(Data items)
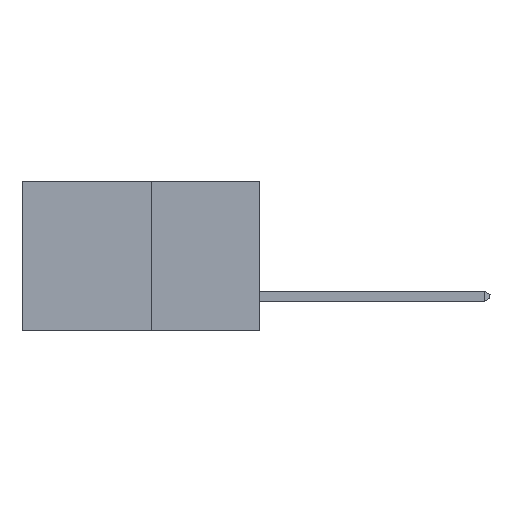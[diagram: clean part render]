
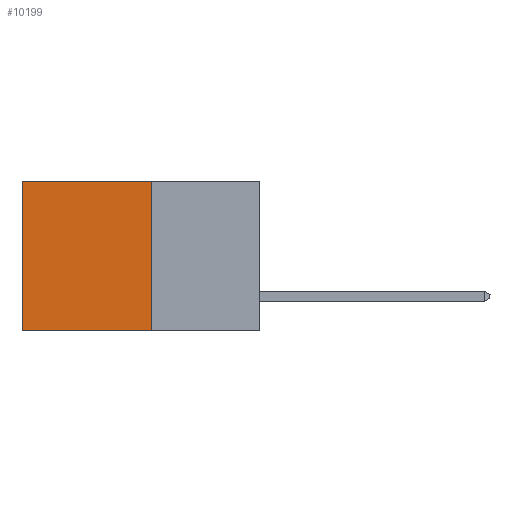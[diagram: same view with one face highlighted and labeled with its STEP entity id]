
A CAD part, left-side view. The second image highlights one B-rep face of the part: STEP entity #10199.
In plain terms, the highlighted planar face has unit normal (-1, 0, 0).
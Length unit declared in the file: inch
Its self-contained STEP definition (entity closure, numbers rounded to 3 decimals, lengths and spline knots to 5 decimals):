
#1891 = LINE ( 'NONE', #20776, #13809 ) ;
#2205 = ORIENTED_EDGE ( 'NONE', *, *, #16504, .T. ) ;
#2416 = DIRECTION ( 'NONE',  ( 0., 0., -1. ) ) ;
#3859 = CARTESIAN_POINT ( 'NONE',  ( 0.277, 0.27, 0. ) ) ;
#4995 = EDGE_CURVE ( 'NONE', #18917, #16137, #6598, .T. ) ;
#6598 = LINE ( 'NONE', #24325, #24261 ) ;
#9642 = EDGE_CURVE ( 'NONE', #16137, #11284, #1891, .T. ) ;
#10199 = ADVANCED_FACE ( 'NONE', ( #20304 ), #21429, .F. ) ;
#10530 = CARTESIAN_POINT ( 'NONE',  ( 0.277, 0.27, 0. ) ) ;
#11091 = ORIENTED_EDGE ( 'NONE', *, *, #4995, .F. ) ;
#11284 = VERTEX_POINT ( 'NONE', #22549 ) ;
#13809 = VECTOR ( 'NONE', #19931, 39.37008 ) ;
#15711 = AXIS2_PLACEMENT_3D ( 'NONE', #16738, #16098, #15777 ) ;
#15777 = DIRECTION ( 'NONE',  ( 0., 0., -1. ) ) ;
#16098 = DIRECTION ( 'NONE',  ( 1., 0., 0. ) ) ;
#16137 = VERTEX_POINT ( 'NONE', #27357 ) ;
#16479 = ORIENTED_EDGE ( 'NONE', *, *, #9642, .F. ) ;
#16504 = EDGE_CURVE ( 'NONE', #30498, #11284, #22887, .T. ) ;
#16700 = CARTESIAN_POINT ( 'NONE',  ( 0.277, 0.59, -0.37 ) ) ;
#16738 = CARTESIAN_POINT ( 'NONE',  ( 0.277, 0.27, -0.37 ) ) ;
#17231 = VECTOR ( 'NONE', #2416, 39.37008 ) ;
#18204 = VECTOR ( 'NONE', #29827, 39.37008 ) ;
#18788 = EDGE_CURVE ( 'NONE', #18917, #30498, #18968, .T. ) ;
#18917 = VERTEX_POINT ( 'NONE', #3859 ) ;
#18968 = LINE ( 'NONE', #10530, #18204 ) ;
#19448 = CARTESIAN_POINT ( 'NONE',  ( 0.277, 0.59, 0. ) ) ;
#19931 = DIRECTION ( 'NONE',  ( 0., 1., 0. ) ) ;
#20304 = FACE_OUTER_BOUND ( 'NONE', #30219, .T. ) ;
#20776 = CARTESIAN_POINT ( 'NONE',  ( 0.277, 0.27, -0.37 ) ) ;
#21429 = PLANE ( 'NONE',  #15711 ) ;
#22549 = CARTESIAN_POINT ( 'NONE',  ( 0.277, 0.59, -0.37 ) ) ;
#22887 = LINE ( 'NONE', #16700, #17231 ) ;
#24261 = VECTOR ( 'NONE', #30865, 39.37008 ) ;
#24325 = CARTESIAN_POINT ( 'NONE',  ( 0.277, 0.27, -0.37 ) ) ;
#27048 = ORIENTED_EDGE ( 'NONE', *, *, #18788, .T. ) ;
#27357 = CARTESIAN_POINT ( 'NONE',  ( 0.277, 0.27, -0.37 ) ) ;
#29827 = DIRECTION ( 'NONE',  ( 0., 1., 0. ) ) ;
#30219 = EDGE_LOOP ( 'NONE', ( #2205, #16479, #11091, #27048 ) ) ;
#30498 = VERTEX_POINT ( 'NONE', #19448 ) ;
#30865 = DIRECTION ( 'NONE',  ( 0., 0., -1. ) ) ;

• EXERCISE: Would you please repeat exactly the lines above, starting at the line with "#3859 = CARTESIAN_POINT" and stopping at the line with "#10199 = ADVANCED_FACE", both included?

• ANSWER BOX:
#3859 = CARTESIAN_POINT ( 'NONE',  ( 0.277, 0.27, 0. ) ) ;
#4995 = EDGE_CURVE ( 'NONE', #18917, #16137, #6598, .T. ) ;
#6598 = LINE ( 'NONE', #24325, #24261 ) ;
#9642 = EDGE_CURVE ( 'NONE', #16137, #11284, #1891, .T. ) ;
#10199 = ADVANCED_FACE ( 'NONE', ( #20304 ), #21429, .F. ) ;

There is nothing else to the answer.